» **Problem requirements**: Among the entries below, please show each line that carries the word "done".

··· Data extracts ···

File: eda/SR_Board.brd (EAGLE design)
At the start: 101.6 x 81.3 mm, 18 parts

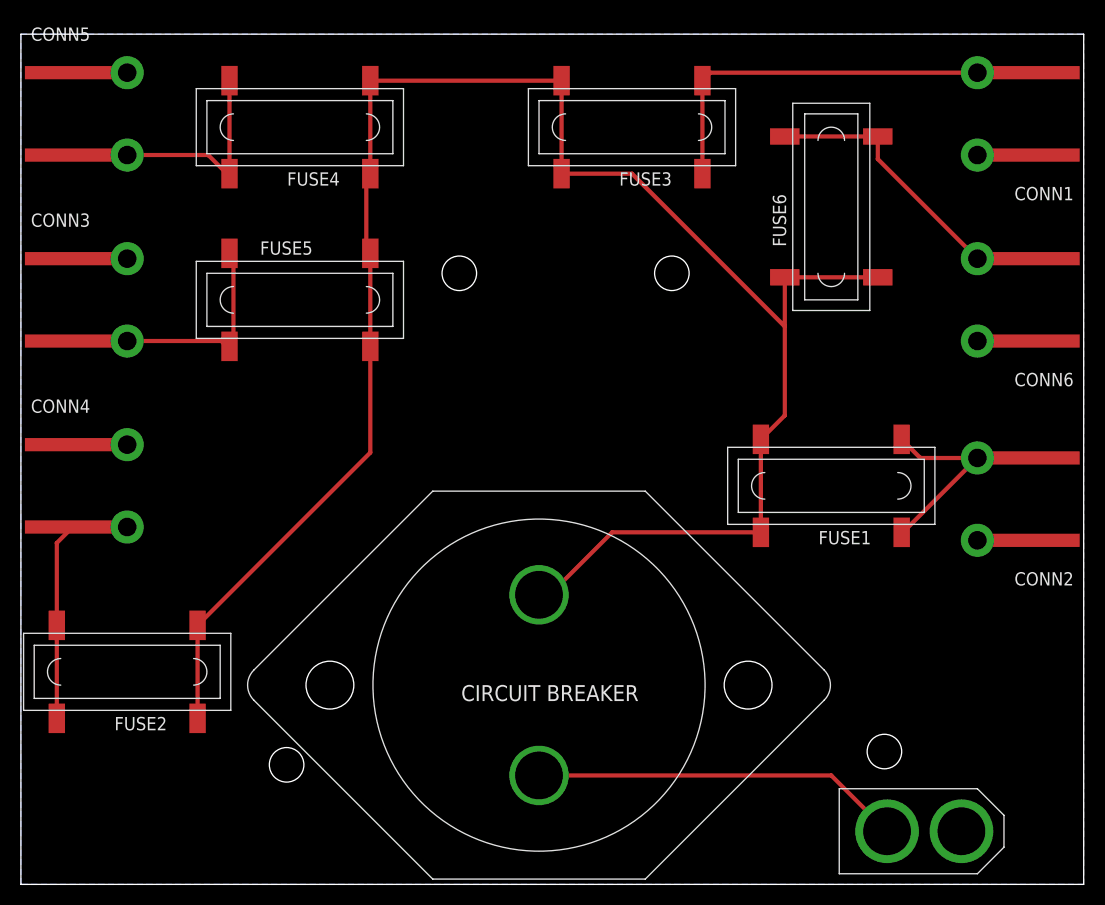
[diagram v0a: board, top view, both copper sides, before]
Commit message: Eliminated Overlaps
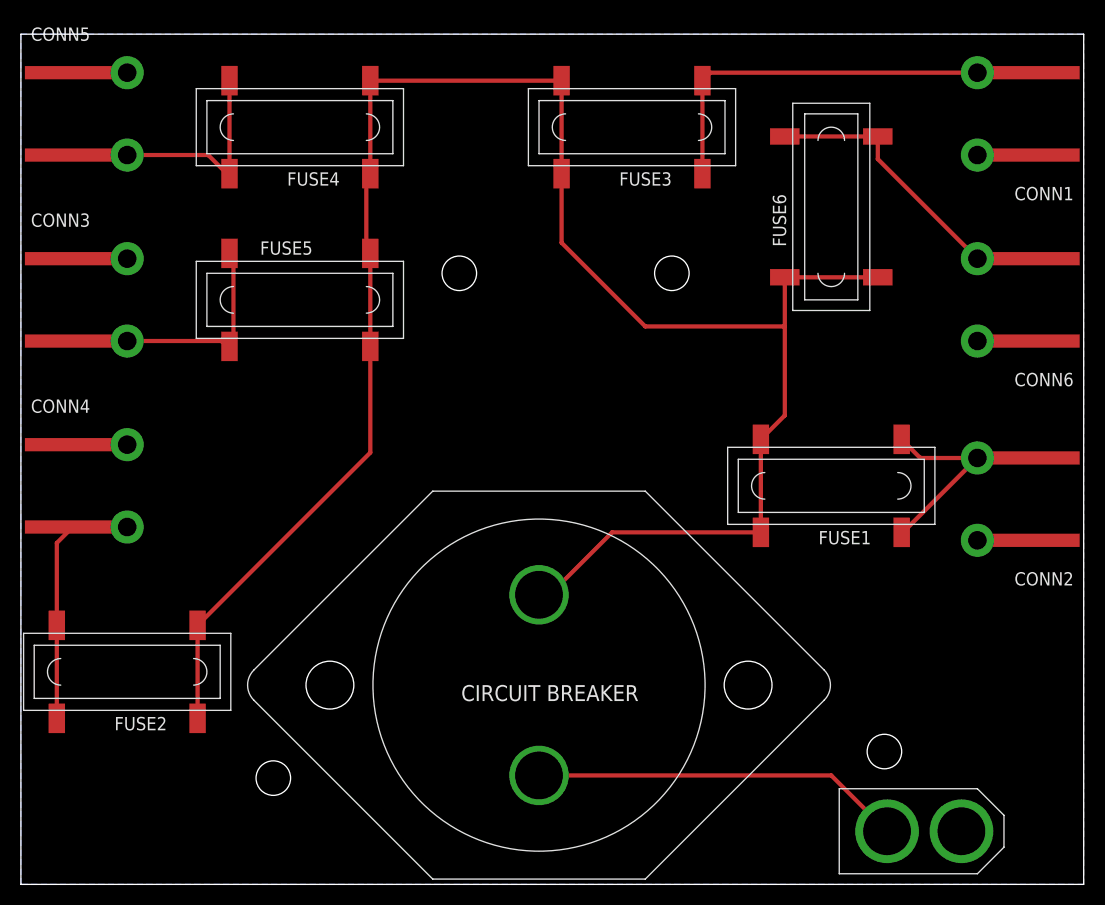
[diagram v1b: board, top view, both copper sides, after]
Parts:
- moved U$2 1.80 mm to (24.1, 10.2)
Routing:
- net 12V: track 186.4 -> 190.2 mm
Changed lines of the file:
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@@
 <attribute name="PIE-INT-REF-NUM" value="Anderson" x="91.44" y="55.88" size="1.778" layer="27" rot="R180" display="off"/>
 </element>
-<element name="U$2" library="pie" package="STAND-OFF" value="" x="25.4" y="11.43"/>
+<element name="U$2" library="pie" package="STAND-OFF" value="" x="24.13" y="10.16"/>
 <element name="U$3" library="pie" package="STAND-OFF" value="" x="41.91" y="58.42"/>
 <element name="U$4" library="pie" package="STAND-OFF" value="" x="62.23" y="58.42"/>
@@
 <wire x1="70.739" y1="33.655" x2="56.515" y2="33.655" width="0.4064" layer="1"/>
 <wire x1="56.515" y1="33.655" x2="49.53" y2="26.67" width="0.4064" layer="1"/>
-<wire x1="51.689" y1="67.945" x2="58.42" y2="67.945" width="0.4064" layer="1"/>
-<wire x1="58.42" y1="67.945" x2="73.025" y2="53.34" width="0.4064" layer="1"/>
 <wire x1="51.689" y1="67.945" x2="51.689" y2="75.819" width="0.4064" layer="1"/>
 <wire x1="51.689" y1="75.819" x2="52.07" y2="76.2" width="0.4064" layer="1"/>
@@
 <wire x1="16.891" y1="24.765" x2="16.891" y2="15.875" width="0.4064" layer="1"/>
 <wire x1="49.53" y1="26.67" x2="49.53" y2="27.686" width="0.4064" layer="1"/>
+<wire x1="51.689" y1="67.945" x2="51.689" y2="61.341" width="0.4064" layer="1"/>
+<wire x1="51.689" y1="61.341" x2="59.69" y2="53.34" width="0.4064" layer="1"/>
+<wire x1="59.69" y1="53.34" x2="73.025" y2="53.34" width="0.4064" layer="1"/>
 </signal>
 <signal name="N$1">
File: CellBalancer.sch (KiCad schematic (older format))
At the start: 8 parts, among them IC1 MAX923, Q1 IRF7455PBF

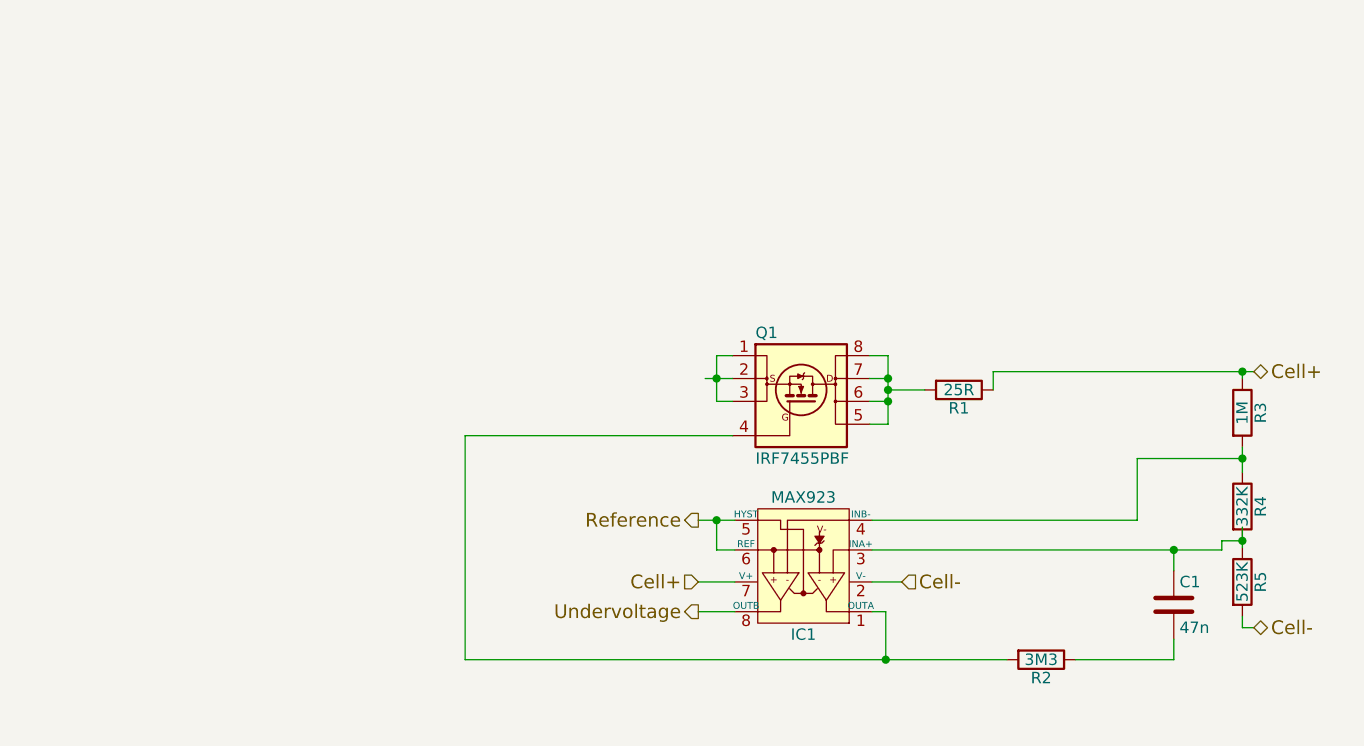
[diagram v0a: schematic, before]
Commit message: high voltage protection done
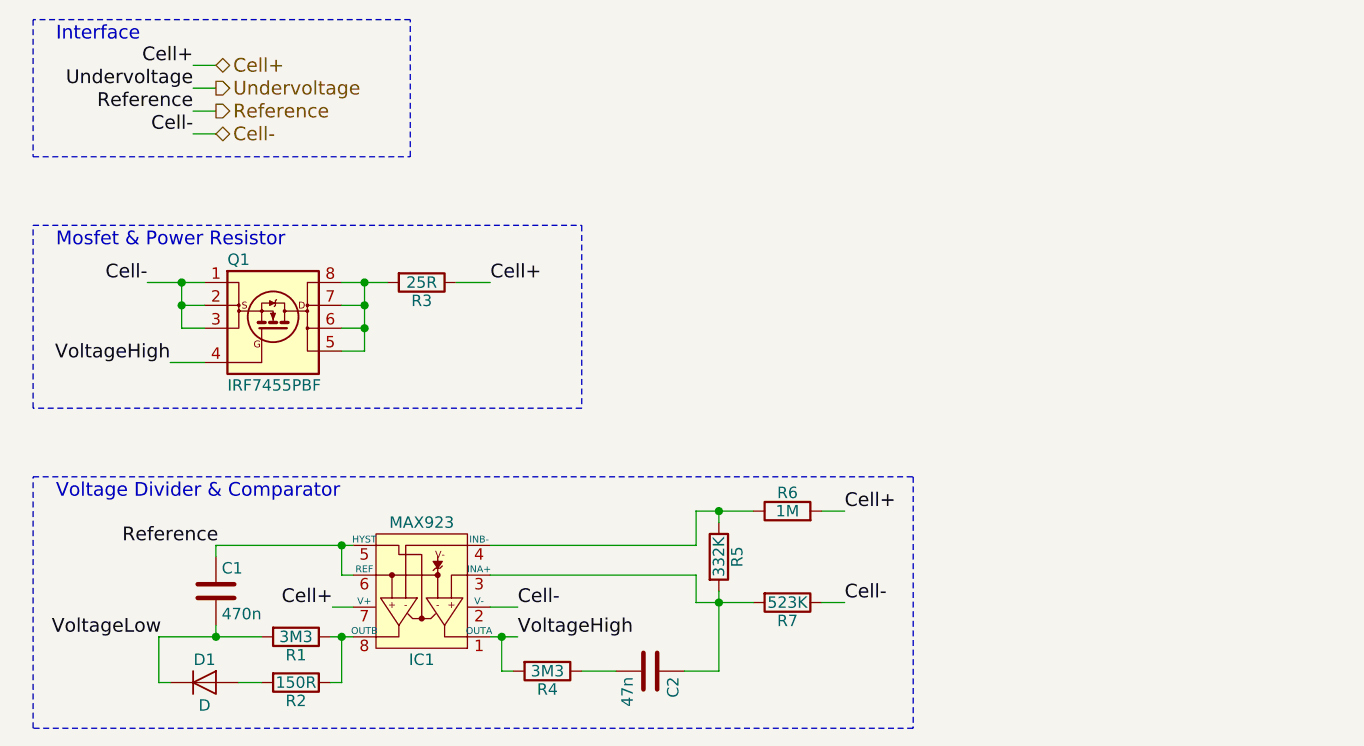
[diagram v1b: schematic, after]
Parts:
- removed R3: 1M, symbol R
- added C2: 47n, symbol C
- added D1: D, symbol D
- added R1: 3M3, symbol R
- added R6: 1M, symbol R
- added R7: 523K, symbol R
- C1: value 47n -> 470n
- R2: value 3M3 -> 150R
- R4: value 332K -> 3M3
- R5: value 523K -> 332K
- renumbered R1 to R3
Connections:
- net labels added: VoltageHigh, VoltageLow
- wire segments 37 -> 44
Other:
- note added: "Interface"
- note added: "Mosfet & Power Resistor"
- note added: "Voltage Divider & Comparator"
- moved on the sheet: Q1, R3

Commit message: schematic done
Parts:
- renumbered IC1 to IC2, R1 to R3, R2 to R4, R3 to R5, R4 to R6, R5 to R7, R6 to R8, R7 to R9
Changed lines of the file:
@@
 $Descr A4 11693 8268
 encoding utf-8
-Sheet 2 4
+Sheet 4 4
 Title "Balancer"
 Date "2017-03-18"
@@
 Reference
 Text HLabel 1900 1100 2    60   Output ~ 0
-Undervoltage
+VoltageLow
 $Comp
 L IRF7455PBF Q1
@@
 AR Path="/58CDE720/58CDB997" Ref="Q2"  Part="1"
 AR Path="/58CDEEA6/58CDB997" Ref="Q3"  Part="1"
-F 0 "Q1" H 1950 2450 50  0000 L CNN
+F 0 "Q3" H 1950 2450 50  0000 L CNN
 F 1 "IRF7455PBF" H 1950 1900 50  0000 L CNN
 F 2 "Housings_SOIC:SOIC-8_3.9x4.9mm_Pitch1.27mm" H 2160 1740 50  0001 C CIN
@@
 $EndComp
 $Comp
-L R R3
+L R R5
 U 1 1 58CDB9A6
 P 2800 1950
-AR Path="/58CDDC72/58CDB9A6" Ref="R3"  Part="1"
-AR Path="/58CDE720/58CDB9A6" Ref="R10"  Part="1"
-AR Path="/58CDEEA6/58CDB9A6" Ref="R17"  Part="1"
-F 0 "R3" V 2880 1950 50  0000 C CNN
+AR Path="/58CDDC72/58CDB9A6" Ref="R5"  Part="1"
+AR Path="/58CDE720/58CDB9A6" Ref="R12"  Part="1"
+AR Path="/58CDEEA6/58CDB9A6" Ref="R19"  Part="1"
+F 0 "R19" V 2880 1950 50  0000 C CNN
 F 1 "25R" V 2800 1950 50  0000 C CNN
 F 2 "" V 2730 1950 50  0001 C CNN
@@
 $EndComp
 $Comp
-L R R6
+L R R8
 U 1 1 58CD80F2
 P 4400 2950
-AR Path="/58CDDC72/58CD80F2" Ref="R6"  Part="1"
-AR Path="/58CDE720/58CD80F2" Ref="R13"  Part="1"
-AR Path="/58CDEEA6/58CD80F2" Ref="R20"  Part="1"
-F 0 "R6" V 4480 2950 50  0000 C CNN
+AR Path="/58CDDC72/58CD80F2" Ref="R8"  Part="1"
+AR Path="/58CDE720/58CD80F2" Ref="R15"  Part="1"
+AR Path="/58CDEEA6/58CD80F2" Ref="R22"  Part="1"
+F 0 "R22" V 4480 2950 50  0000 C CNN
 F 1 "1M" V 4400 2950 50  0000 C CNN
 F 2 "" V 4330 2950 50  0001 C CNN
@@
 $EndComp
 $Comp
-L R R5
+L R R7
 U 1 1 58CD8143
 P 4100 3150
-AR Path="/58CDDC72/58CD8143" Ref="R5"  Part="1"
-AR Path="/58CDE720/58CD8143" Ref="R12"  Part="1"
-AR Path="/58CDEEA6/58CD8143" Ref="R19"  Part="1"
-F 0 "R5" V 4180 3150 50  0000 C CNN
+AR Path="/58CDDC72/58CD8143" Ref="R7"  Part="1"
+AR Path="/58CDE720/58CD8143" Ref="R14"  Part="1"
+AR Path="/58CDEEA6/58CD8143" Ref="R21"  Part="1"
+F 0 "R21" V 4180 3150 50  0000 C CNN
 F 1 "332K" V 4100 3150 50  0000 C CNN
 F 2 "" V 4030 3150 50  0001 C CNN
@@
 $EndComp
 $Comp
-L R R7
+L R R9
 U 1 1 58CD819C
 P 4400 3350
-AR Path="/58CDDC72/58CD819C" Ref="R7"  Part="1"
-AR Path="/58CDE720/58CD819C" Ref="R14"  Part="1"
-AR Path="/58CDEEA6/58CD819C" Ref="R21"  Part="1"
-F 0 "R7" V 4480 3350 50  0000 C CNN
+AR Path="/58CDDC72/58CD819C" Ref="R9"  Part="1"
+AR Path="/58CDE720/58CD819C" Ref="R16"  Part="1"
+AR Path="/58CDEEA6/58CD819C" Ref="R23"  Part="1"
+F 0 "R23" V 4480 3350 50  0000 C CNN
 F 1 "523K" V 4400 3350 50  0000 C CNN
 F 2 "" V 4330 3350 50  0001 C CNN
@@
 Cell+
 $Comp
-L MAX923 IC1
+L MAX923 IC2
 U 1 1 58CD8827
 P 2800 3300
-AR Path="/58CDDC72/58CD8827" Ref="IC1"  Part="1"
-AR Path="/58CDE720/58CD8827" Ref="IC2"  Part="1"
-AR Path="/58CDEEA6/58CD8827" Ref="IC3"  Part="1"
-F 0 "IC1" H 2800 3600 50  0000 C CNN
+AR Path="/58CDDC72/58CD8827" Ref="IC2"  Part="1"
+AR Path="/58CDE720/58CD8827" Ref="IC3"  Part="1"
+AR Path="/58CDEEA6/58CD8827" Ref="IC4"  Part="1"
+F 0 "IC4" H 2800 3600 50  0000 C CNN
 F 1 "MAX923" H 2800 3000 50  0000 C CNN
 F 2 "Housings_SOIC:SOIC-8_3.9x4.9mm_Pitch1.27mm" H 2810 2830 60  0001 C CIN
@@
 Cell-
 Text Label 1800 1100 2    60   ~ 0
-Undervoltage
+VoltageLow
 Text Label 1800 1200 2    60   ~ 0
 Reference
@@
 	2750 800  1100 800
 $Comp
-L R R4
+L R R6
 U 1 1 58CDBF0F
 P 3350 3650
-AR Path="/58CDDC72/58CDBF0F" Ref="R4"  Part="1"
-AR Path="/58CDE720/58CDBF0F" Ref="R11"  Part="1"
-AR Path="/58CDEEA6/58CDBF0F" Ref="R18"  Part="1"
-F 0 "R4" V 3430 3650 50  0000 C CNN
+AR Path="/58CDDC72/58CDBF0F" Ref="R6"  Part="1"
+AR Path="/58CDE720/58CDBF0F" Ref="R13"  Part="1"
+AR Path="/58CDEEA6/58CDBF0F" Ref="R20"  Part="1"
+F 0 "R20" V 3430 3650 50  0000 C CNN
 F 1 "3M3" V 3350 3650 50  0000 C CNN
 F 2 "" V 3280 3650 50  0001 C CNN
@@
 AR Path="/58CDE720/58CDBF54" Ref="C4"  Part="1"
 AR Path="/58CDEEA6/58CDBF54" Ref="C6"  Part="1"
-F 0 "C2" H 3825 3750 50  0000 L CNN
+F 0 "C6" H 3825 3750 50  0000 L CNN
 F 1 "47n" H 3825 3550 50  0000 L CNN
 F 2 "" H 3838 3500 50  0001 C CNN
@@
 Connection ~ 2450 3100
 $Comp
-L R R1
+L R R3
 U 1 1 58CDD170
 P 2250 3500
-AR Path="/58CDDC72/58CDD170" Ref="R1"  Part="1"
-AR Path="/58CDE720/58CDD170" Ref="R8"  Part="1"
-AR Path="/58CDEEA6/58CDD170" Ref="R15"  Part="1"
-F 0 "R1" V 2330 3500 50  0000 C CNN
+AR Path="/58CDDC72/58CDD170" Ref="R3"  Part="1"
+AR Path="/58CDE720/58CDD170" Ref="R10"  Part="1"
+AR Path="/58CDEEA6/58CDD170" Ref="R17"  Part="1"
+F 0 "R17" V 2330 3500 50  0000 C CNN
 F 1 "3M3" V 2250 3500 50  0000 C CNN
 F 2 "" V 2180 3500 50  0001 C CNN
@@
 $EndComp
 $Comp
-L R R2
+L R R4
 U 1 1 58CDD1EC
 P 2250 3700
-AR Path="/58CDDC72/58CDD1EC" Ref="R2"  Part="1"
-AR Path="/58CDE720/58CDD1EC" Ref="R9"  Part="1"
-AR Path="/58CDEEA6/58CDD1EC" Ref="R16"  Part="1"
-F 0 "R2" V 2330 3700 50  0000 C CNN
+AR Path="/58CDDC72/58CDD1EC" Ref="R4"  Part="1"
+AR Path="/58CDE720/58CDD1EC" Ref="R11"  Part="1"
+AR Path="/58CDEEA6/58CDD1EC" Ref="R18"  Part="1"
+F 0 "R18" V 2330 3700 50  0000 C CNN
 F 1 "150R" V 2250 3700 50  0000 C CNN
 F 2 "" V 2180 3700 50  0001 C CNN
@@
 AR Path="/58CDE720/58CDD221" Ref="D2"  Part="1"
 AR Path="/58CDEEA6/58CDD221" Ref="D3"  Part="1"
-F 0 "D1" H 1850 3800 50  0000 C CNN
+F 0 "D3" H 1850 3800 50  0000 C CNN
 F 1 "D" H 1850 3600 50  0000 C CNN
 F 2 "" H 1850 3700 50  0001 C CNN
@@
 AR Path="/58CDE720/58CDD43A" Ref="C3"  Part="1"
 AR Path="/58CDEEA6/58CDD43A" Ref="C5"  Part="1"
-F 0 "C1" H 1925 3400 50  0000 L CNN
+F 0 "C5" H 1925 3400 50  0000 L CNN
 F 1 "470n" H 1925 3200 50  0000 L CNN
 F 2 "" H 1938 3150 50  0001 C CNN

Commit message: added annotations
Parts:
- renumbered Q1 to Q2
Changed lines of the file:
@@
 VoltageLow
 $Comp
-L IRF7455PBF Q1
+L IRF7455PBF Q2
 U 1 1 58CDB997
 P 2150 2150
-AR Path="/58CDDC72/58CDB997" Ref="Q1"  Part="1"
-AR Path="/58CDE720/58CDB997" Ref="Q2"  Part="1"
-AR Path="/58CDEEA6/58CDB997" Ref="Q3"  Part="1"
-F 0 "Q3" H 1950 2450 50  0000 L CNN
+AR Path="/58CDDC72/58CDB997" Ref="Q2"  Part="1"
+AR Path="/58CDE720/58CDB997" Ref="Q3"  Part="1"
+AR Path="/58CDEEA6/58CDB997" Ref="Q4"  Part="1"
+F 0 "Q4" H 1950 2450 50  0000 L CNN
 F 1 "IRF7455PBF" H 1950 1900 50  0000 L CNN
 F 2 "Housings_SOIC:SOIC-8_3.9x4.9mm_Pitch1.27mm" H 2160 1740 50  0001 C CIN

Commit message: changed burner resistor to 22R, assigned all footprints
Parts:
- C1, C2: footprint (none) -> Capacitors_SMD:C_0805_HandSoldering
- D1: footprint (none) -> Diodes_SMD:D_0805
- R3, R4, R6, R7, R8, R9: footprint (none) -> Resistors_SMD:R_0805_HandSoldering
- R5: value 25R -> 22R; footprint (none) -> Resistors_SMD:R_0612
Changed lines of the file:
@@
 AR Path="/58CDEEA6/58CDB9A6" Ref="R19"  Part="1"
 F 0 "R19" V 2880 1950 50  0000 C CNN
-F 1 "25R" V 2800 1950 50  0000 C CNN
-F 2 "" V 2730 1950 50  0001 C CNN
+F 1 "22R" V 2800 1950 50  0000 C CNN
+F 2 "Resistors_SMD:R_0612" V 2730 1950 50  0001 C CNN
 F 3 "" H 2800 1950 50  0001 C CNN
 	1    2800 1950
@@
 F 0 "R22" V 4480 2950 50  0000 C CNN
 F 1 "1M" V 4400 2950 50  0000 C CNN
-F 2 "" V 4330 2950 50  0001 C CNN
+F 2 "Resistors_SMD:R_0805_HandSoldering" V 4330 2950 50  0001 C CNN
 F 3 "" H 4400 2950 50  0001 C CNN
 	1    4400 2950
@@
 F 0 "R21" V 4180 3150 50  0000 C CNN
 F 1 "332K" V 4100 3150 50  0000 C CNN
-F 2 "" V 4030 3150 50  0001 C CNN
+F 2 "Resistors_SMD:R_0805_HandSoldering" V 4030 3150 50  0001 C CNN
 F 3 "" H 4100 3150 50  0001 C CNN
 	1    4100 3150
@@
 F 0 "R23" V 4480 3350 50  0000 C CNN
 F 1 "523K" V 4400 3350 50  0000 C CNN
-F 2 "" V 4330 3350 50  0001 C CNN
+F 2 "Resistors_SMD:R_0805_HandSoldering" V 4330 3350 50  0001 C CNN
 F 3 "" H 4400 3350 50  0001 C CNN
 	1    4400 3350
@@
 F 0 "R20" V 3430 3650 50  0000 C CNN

···

» **Task answer**:
Commit message: high voltage protection done
Commit message: schematic done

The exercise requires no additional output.